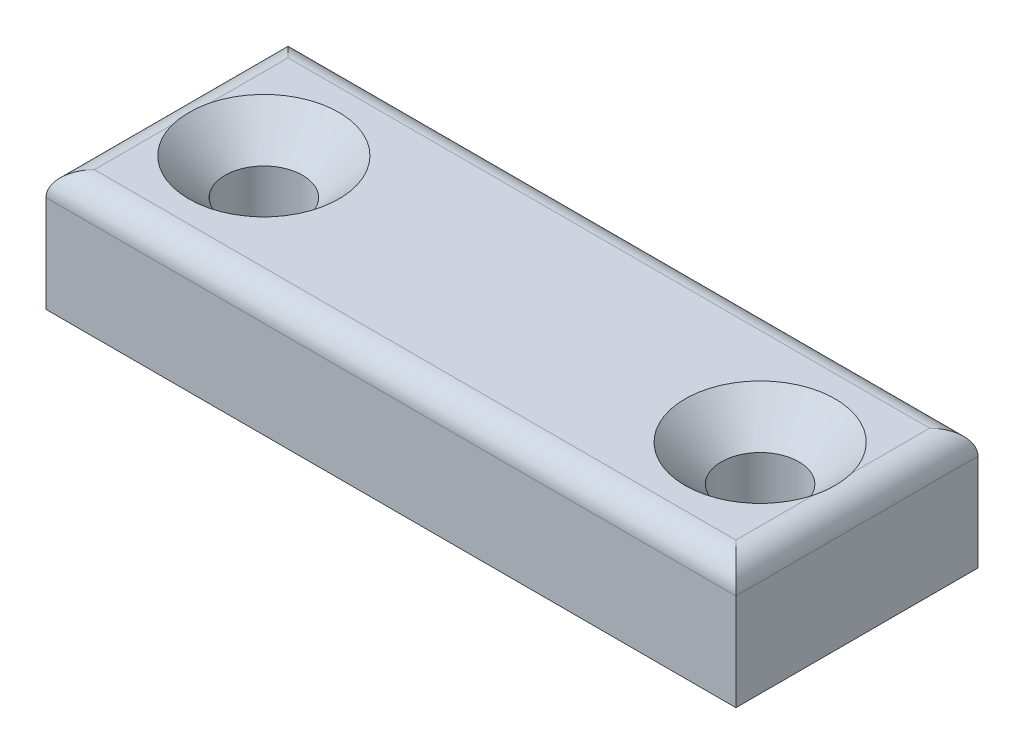
ISO-10303-21;
HEADER;
FILE_DESCRIPTION(('STEP AP214'),'2;1');
FILE_NAME('part.step','',(''),(''),'','','');
FILE_SCHEMA(('AUTOMOTIVE_DESIGN { 1 0 10303 214 1 1 1 1 }'));
ENDSEC;
DATA;
#1=APPLICATION_CONTEXT('core data for automotive mechanical design processes');
#2=APPLICATION_PROTOCOL_DEFINITION('international standard','automotive_design',2000,#1);
#3=PRODUCT_CONTEXT('',#1,'mechanical');
#4=PRODUCT('Part','Part','',(#3));
#5=PRODUCT_RELATED_PRODUCT_CATEGORY('part','',(#4));
#6=PRODUCT_DEFINITION_FORMATION('','',#4);
#7=PRODUCT_DEFINITION_CONTEXT('part definition',#1,'design');
#8=PRODUCT_DEFINITION('design','',#6,#7);
#9=PRODUCT_DEFINITION_SHAPE('','',#8);
#10=(LENGTH_UNIT() NAMED_UNIT(*) SI_UNIT(.MILLI.,.METRE.));
#11=(NAMED_UNIT(*) PLANE_ANGLE_UNIT() SI_UNIT($,.RADIAN.));
#12=(NAMED_UNIT(*) SI_UNIT($,.STERADIAN.) SOLID_ANGLE_UNIT());
#13=UNCERTAINTY_MEASURE_WITH_UNIT(LENGTH_MEASURE(1.E-05),#10,'distance_accuracy_value','');
#14=(GEOMETRIC_REPRESENTATION_CONTEXT(3) GLOBAL_UNCERTAINTY_ASSIGNED_CONTEXT((#13)) GLOBAL_UNIT_ASSIGNED_CONTEXT((#10,
#11,#12)) REPRESENTATION_CONTEXT('',''));
#15=CARTESIAN_POINT('',(0.,0.,0.));
#16=DIRECTION('',(0.,0.,1.));
#17=DIRECTION('',(1.,0.,0.));
#18=AXIS2_PLACEMENT_3D('',#15,#16,#17);
#19=CARTESIAN_POINT('',(0.,5.,0.));
#20=DIRECTION('',(0.,1.,0.));
#21=DIRECTION('',(0.,0.,1.));
#22=AXIS2_PLACEMENT_3D('',#19,#20,#21);
#23=PLANE('',#22);
#24=DIRECTION('',(0.,0.,1.));
#25=VECTOR('',#24,1.);
#26=CARTESIAN_POINT('',(-27.5,5.,0.));
#27=LINE('',#26,#25);
#28=CARTESIAN_POINT('',(-27.5,5.,-9.));
#29=VERTEX_POINT('',#28);
#30=CARTESIAN_POINT('',(-27.5,5.,-5.78102496759069));
#31=VERTEX_POINT('',#30);
#32=EDGE_CURVE('E159',#29,#31,#27,.T.);
#33=ORIENTED_EDGE('',*,*,#32,.T.);
#34=CARTESIAN_POINT('',(-24.5,5.,-5.));
#35=DIRECTION('',(0.,1.,0.));
#36=DIRECTION('',(0.,0.,1.));
#37=AXIS2_PLACEMENT_3D('',#34,#35,#36);
#38=CIRCLE('',#37,3.10000000000001);
#39=CARTESIAN_POINT('',(-27.5,5.,-4.2189750324093));
#40=VERTEX_POINT('',#39);
#41=EDGE_CURVE('E184',#31,#40,#38,.F.);
#42=ORIENTED_EDGE('',*,*,#41,.T.);
#43=CARTESIAN_POINT('',(-27.5,5.,-0.999999999999997));
#44=VERTEX_POINT('',#43);
#45=EDGE_CURVE('E158',#40,#44,#27,.T.);
#46=ORIENTED_EDGE('',*,*,#45,.T.);
#47=DIRECTION('',(1.,0.,0.));
#48=VECTOR('',#47,1.);
#49=CARTESIAN_POINT('',(0.,5.,-1.));
#50=LINE('',#49,#48);
#51=CARTESIAN_POINT('',(-1.,5.,-1.));
#52=VERTEX_POINT('',#51);
#53=EDGE_CURVE('E153',#44,#52,#50,.T.);
#54=ORIENTED_EDGE('',*,*,#53,.T.);
#55=DIRECTION('',(0.,0.,-1.));
#56=VECTOR('',#55,1.);
#57=CARTESIAN_POINT('',(-1.,5.,-10.));
#58=LINE('',#57,#56);
#59=CARTESIAN_POINT('',(-1.,5.,-4.21897503240932));
#60=VERTEX_POINT('',#59);
#61=EDGE_CURVE('E151',#52,#60,#58,.T.);
#62=ORIENTED_EDGE('',*,*,#61,.T.);
#63=CARTESIAN_POINT('',(-4.,5.,-5.));
#64=DIRECTION('',(0.,1.,0.));
#65=DIRECTION('',(0.,0.,1.));
#66=AXIS2_PLACEMENT_3D('',#63,#64,#65);
#67=CIRCLE('',#66,3.1);
#68=CARTESIAN_POINT('',(-1.,5.,-5.78102496759067));
#69=VERTEX_POINT('',#68);
#70=EDGE_CURVE('E182',#60,#69,#67,.F.);
#71=ORIENTED_EDGE('',*,*,#70,.T.);
#72=CARTESIAN_POINT('',(-1.,5.,-9.));
#73=VERTEX_POINT('',#72);
#74=EDGE_CURVE('E121',#69,#73,#58,.T.);
#75=ORIENTED_EDGE('',*,*,#74,.T.);
#76=DIRECTION('',(-1.,0.,0.));
#77=VECTOR('',#76,1.);
#78=CARTESIAN_POINT('',(-28.5,5.,-9.));
#79=LINE('',#78,#77);
#80=EDGE_CURVE('E155',#73,#29,#79,.T.);
#81=ORIENTED_EDGE('',*,*,#80,.T.);
#82=EDGE_LOOP('',(#33,#42,#46,#54,#62,#71,#75,#81));
#83=FACE_BOUND('',#82,.T.);
#84=ADVANCED_FACE('F40',(#83),#23,.T.);
#85=CARTESIAN_POINT('',(0.,0.,0.));
#86=DIRECTION('',(0.,1.,0.));
#87=DIRECTION('',(0.,0.,1.));
#88=AXIS2_PLACEMENT_3D('',#85,#86,#87);
#89=PLANE('',#88);
#90=DIRECTION('',(0.,0.,-1.));
#91=VECTOR('',#90,1.);
#92=CARTESIAN_POINT('',(0.,0.,0.));
#93=LINE('',#92,#91);
#94=CARTESIAN_POINT('',(0.,0.,0.));
#95=VERTEX_POINT('',#94);
#96=CARTESIAN_POINT('',(0.,0.,-10.));
#97=VERTEX_POINT('',#96);
#98=EDGE_CURVE('E129',#95,#97,#93,.T.);
#99=ORIENTED_EDGE('',*,*,#98,.F.);
#100=DIRECTION('',(1.,0.,0.));
#101=VECTOR('',#100,1.);
#102=CARTESIAN_POINT('',(0.,0.,0.));
#103=LINE('',#102,#101);
#104=CARTESIAN_POINT('',(-28.5,0.,0.));
#105=VERTEX_POINT('',#104);
#106=EDGE_CURVE('E145',#105,#95,#103,.T.);
#107=ORIENTED_EDGE('',*,*,#106,.F.);
#108=DIRECTION('',(0.,0.,1.));
#109=VECTOR('',#108,1.);
#110=CARTESIAN_POINT('',(-28.5,0.,0.));
#111=LINE('',#110,#109);
#112=CARTESIAN_POINT('',(-28.5,0.,-10.));
#113=VERTEX_POINT('',#112);
#114=EDGE_CURVE('E131',#113,#105,#111,.T.);
#115=ORIENTED_EDGE('',*,*,#114,.F.);
#116=DIRECTION('',(-1.,0.,0.));
#117=VECTOR('',#116,1.);
#118=CARTESIAN_POINT('',(0.,0.,-10.));
#119=LINE('',#118,#117);
#120=EDGE_CURVE('E115',#97,#113,#119,.T.);
#121=ORIENTED_EDGE('',*,*,#120,.F.);
#122=EDGE_LOOP('',(#99,#107,#115,#121));
#123=FACE_BOUND('',#122,.T.);
#124=CARTESIAN_POINT('',(-4.,0.,-5.));
#125=DIRECTION('',(0.,1.,0.));
#126=DIRECTION('',(0.,0.,1.));
#127=AXIS2_PLACEMENT_3D('',#124,#125,#126);
#128=CIRCLE('',#127,1.6);
#129=CARTESIAN_POINT('',(-4.,0.,-3.4));
#130=VERTEX_POINT('',#129);
#131=EDGE_CURVE('E137',#130,#130,#128,.T.);
#132=ORIENTED_EDGE('',*,*,#131,.T.);
#133=EDGE_LOOP('',(#132));
#134=FACE_BOUND('',#133,.T.);
#135=CARTESIAN_POINT('',(-24.5,0.,-5.));
#136=DIRECTION('',(0.,1.,0.));
#137=DIRECTION('',(0.,0.,1.));
#138=AXIS2_PLACEMENT_3D('',#135,#136,#137);
#139=CIRCLE('',#138,1.6);
#140=CARTESIAN_POINT('',(-24.5,0.,-3.4));
#141=VERTEX_POINT('',#140);
#142=EDGE_CURVE('E140',#141,#141,#139,.T.);
#143=ORIENTED_EDGE('',*,*,#142,.T.);
#144=EDGE_LOOP('',(#143));
#145=FACE_BOUND('',#144,.T.);
#146=ADVANCED_FACE('F126',(#123,#134,#145),#89,.F.);
#147=CARTESIAN_POINT('',(0.,5.,0.));
#148=DIRECTION('',(-1.,0.,0.));
#149=DIRECTION('',(0.,0.,1.));
#150=AXIS2_PLACEMENT_3D('',#147,#148,#149);
#151=PLANE('',#150);
#152=DIRECTION('',(0.,-1.,0.));
#153=VECTOR('',#152,1.);
#154=CARTESIAN_POINT('',(0.,5.,-10.));
#155=LINE('',#154,#153);
#156=CARTESIAN_POINT('',(0.,4.,-10.));
#157=VERTEX_POINT('',#156);
#158=EDGE_CURVE('E111',#157,#97,#155,.T.);
#159=ORIENTED_EDGE('',*,*,#158,.F.);
#160=DIRECTION('',(0.,0.,-1.));
#161=VECTOR('',#160,1.);
#162=CARTESIAN_POINT('',(0.,4.,0.));
#163=LINE('',#162,#161);
#164=CARTESIAN_POINT('',(0.,4.,0.));
#165=VERTEX_POINT('',#164);
#166=EDGE_CURVE('E167',#157,#165,#163,.F.);
#167=ORIENTED_EDGE('',*,*,#166,.T.);
#168=DIRECTION('',(0.,-1.,0.));
#169=VECTOR('',#168,1.);
#170=CARTESIAN_POINT('',(0.,5.,0.));
#171=LINE('',#170,#169);
#172=EDGE_CURVE('E135',#165,#95,#171,.T.);
#173=ORIENTED_EDGE('',*,*,#172,.T.);
#174=ORIENTED_EDGE('',*,*,#98,.T.);
#175=EDGE_LOOP('',(#159,#167,#173,#174));
#176=FACE_BOUND('',#175,.T.);
#177=ADVANCED_FACE('F133',(#176),#151,.F.);
#178=CARTESIAN_POINT('',(0.,5.,-10.));
#179=DIRECTION('',(0.,0.,1.));
#180=DIRECTION('',(1.,0.,0.));
#181=AXIS2_PLACEMENT_3D('',#178,#179,#180);
#182=PLANE('',#181);
#183=DIRECTION('',(0.,-1.,0.));
#184=VECTOR('',#183,1.);
#185=CARTESIAN_POINT('',(-28.5,5.,-10.));
#186=LINE('',#185,#184);
#187=CARTESIAN_POINT('',(-28.5,4.,-10.));
#188=VERTEX_POINT('',#187);
#189=EDGE_CURVE('E122',#188,#113,#186,.T.);
#190=ORIENTED_EDGE('',*,*,#189,.F.);
#191=DIRECTION('',(-1.,0.,0.));
#192=VECTOR('',#191,1.);
#193=CARTESIAN_POINT('',(0.,4.,-10.));
#194=LINE('',#193,#192);
#195=EDGE_CURVE('E118',#188,#157,#194,.F.);
#196=ORIENTED_EDGE('',*,*,#195,.T.);
#197=ORIENTED_EDGE('',*,*,#158,.T.);
#198=ORIENTED_EDGE('',*,*,#120,.T.);
#199=EDGE_LOOP('',(#190,#196,#197,#198));
#200=FACE_BOUND('',#199,.T.);
#201=ADVANCED_FACE('F114',(#200),#182,.F.);
#202=CARTESIAN_POINT('',(-28.5,5.,0.));
#203=DIRECTION('',(1.,0.,0.));
#204=DIRECTION('',(0.,0.,-1.));
#205=AXIS2_PLACEMENT_3D('',#202,#203,#204);
#206=PLANE('',#205);
#207=DIRECTION('',(0.,-1.,0.));
#208=VECTOR('',#207,1.);
#209=CARTESIAN_POINT('',(-28.5,5.,0.));
#210=LINE('',#209,#208);
#211=CARTESIAN_POINT('',(-28.5,4.,0.));
#212=VERTEX_POINT('',#211);
#213=EDGE_CURVE('E148',#212,#105,#210,.T.);
#214=ORIENTED_EDGE('',*,*,#213,.F.);
#215=DIRECTION('',(0.,0.,1.));
#216=VECTOR('',#215,1.);
#217=CARTESIAN_POINT('',(-28.5,4.,-10.));
#218=LINE('',#217,#216);
#219=EDGE_CURVE('E165',#212,#188,#218,.F.);
#220=ORIENTED_EDGE('',*,*,#219,.T.);
#221=ORIENTED_EDGE('',*,*,#189,.T.);
#222=ORIENTED_EDGE('',*,*,#114,.T.);
#223=EDGE_LOOP('',(#214,#220,#221,#222));
#224=FACE_BOUND('',#223,.T.);
#225=ADVANCED_FACE('F230',(#224),#206,.F.);
#226=CARTESIAN_POINT('',(0.,5.,0.));
#227=DIRECTION('',(0.,0.,-1.));
#228=DIRECTION('',(-1.,0.,0.));
#229=AXIS2_PLACEMENT_3D('',#226,#227,#228);
#230=PLANE('',#229);
#231=ORIENTED_EDGE('',*,*,#172,.F.);
#232=DIRECTION('',(1.,0.,0.));
#233=VECTOR('',#232,1.);
#234=CARTESIAN_POINT('',(-28.5,4.,0.));
#235=LINE('',#234,#233);
#236=EDGE_CURVE('E163',#165,#212,#235,.F.);
#237=ORIENTED_EDGE('',*,*,#236,.T.);
#238=ORIENTED_EDGE('',*,*,#213,.T.);
#239=ORIENTED_EDGE('',*,*,#106,.T.);
#240=EDGE_LOOP('',(#231,#237,#238,#239));
#241=FACE_BOUND('',#240,.T.);
#242=ADVANCED_FACE('F227',(#241),#230,.F.);
#243=CARTESIAN_POINT('',(-4.,5.,-5.));
#244=DIRECTION('',(0.,-1.,0.));
#245=DIRECTION('',(0.,0.,-1.));
#246=AXIS2_PLACEMENT_3D('',#243,#244,#245);
#247=CYLINDRICAL_SURFACE('',#246,1.6);
#248=CARTESIAN_POINT('',(-4.,3.5,-5.));
#249=DIRECTION('',(0.,1.,0.));
#250=DIRECTION('',(0.,0.,1.));
#251=AXIS2_PLACEMENT_3D('',#248,#249,#250);
#252=CIRCLE('',#251,1.6);
#253=CARTESIAN_POINT('',(-4.,3.5,-3.4));
#254=VERTEX_POINT('',#253);
#255=EDGE_CURVE('E55',#254,#254,#252,.T.);
#256=ORIENTED_EDGE('',*,*,#255,.T.);
#257=EDGE_LOOP('',(#256));
#258=FACE_BOUND('',#257,.T.);
#259=ORIENTED_EDGE('',*,*,#131,.F.);
#260=EDGE_LOOP('',(#259));
#261=FACE_BOUND('',#260,.T.);
#262=ADVANCED_FACE('F224',(#258,#261),#247,.F.);
#263=CARTESIAN_POINT('',(-24.5,5.,-5.));
#264=DIRECTION('',(0.,-1.,0.));
#265=DIRECTION('',(0.,0.,-1.));
#266=AXIS2_PLACEMENT_3D('',#263,#264,#265);
#267=CYLINDRICAL_SURFACE('',#266,1.6);
#268=CARTESIAN_POINT('',(-24.5,3.5,-5.));
#269=DIRECTION('',(0.,1.,0.));
#270=DIRECTION('',(0.,0.,1.));
#271=AXIS2_PLACEMENT_3D('',#268,#269,#270);
#272=CIRCLE('',#271,1.6);
#273=CARTESIAN_POINT('',(-24.5,3.5,-3.4));
#274=VERTEX_POINT('',#273);
#275=EDGE_CURVE('E169',#274,#274,#272,.T.);
#276=ORIENTED_EDGE('',*,*,#275,.T.);
#277=EDGE_LOOP('',(#276));
#278=FACE_BOUND('',#277,.T.);
#279=ORIENTED_EDGE('',*,*,#142,.F.);
#280=EDGE_LOOP('',(#279));
#281=FACE_BOUND('',#280,.T.);
#282=ADVANCED_FACE('F208',(#278,#281),#267,.F.);
#283=CARTESIAN_POINT('',(0.,4.,-1.));
#284=DIRECTION('',(-1.,0.,0.));
#285=DIRECTION('',(0.,0.,1.));
#286=AXIS2_PLACEMENT_3D('',#283,#284,#285);
#287=CYLINDRICAL_SURFACE('',#286,1.);
#288=CARTESIAN_POINT('',(-27.5,4.,-0.999999999999997));
#289=DIRECTION('',(-0.707106781186548,0.,-0.707106781186547));
#290=DIRECTION('',(0.707106781186547,0.,-0.707106781186548));
#291=AXIS2_PLACEMENT_3D('',#288,#289,#290);
#292=ELLIPSE('',#291,1.4142135623731,1.);
#293=EDGE_CURVE('E174',#212,#44,#292,.T.);
#294=ORIENTED_EDGE('',*,*,#293,.F.);
#295=ORIENTED_EDGE('',*,*,#236,.F.);
#296=CARTESIAN_POINT('',(-1.,4.,-1.));
#297=DIRECTION('',(-0.707106781186547,0.,0.707106781186548));
#298=DIRECTION('',(0.707106781186548,0.,0.707106781186547));
#299=AXIS2_PLACEMENT_3D('',#296,#297,#298);
#300=ELLIPSE('',#299,1.41421356237309,1.);
#301=EDGE_CURVE('E177',#52,#165,#300,.F.);
#302=ORIENTED_EDGE('',*,*,#301,.F.);
#303=ORIENTED_EDGE('',*,*,#53,.F.);
#304=EDGE_LOOP('',(#294,#295,#302,#303));
#305=FACE_BOUND('',#304,.T.);
#306=ADVANCED_FACE('F205',(#305),#287,.T.);
#307=CARTESIAN_POINT('',(-1.,4.,0.));
#308=DIRECTION('',(0.,0.,1.));
#309=DIRECTION('',(1.,0.,0.));
#310=AXIS2_PLACEMENT_3D('',#307,#308,#309);
#311=CYLINDRICAL_SURFACE('',#310,1.);
#312=ORIENTED_EDGE('',*,*,#74,.F.);
#313=CARTESIAN_POINT('',(-1.,5.,-5.78102496759067));
#314=CARTESIAN_POINT('',(-0.989422035396968,4.9999936611314,-5.74036875513476));
#315=CARTESIAN_POINT('',(-0.979823018712966,4.99983277072323,-5.69946978398594));
#316=CARTESIAN_POINT('',(-0.962470322563194,4.99933454221726,-5.61729344861421));
#317=CARTESIAN_POINT('',(-0.954716157548253,4.99899725062164,-5.57601618693091));
#318=CARTESIAN_POINT('',(-0.93405196988496,4.99791985439271,-5.45178921017818));
#319=CARTESIAN_POINT('',(-0.923729266926521,4.99711394002244,-5.36840092486853));
#320=CARTESIAN_POINT('',(-0.909609895562619,4.99593003033919,-5.20264203842099));
#321=CARTESIAN_POINT('',(-0.905696236002157,4.9955444077953,-5.12028108002218));
#322=CARTESIAN_POINT('',(-0.903855838160186,4.99536734003082,-4.95549983295622));
#323=CARTESIAN_POINT('',(-0.905928840104376,4.99557586902871,-4.87307954701856));
#324=CARTESIAN_POINT('',(-0.916995841454376,4.99657044135816,-4.69494636205821));
#325=CARTESIAN_POINT('',(-0.927080715928093,4.99744653351892,-4.59929606225288));
#326=CARTESIAN_POINT('',(-0.948954221705746,4.99872214681978,-4.45634712533243));
#327=CARTESIAN_POINT('',(-0.957434196082679,4.9991430982129,-4.4085283482674));
#328=CARTESIAN_POINT('',(-0.976839867074671,4.99977663543495,-4.3133579151763));
#329=CARTESIAN_POINT('',(-0.987767140122242,4.99998908648107,-4.26600658087352));
#330=CARTESIAN_POINT('',(-0.999999999999502,5.00000000000048,-4.21897503240929));
#331=B_SPLINE_CURVE_WITH_KNOTS('',3,(#313,#314,#315,#316,#317,#318,#319,#320,#321,#322,#323,
#324,#325,#326,#327,#328,#329,#330),.UNSPECIFIED.,.F.,.F.,(4,2,2,2,2,2,2,2,4),(0.,
0.125997910768511,0.251962623189755,0.503758247775796,0.750904158137535,0.998039344460239,
1.28616380812984,1.43180844725233,1.57754717489195),.UNSPECIFIED.);
#332=EDGE_CURVE('E11',#69,#60,#331,.T.);
#333=ORIENTED_EDGE('',*,*,#332,.T.);
#334=ORIENTED_EDGE('',*,*,#61,.F.);
#335=ORIENTED_EDGE('',*,*,#301,.T.);
#336=ORIENTED_EDGE('',*,*,#166,.F.);
#337=CARTESIAN_POINT('',(-1.,4.,-9.));
#338=DIRECTION('',(0.707106781186548,0.,0.707106781186547));
#339=DIRECTION('',(-0.707106781186547,0.,0.707106781186548));
#340=AXIS2_PLACEMENT_3D('',#337,#338,#339);
#341=ELLIPSE('',#340,1.4142135623731,1.);
#342=EDGE_CURVE('E172',#73,#157,#341,.F.);
#343=ORIENTED_EDGE('',*,*,#342,.F.);
#344=EDGE_LOOP('',(#312,#333,#334,#335,#336,#343));
#345=FACE_BOUND('',#344,.T.);
#346=ADVANCED_FACE('F207',(#345),#311,.T.);
#347=CARTESIAN_POINT('',(-27.5,4.,0.));
#348=DIRECTION('',(0.,0.,-1.));
#349=DIRECTION('',(-1.,0.,0.));
#350=AXIS2_PLACEMENT_3D('',#347,#348,#349);
#351=CYLINDRICAL_SURFACE('',#350,1.);
#352=ORIENTED_EDGE('',*,*,#45,.F.);
#353=CARTESIAN_POINT('',(-27.5,5.,-4.2189750324093));
#354=CARTESIAN_POINT('',(-27.510577964603,4.9999936611314,-4.25963124486522));
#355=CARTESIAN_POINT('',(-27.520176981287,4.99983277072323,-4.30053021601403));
──────────────────────────────
What to produce
Starting from the first line of the listing above, write out every line exactly through the one containing "#3=PRODUCT_CONTEXT('',#1,'mechanical');", and drop the pictures.

Written response
ISO-10303-21;
HEADER;
FILE_DESCRIPTION(('STEP AP214'),'2;1');
FILE_NAME('part.step','',(''),(''),'','','');
FILE_SCHEMA(('AUTOMOTIVE_DESIGN { 1 0 10303 214 1 1 1 1 }'));
ENDSEC;
DATA;
#1=APPLICATION_CONTEXT('core data for automotive mechanical design processes');
#2=APPLICATION_PROTOCOL_DEFINITION('international standard','automotive_design',2000,#1);
#3=PRODUCT_CONTEXT('',#1,'mechanical');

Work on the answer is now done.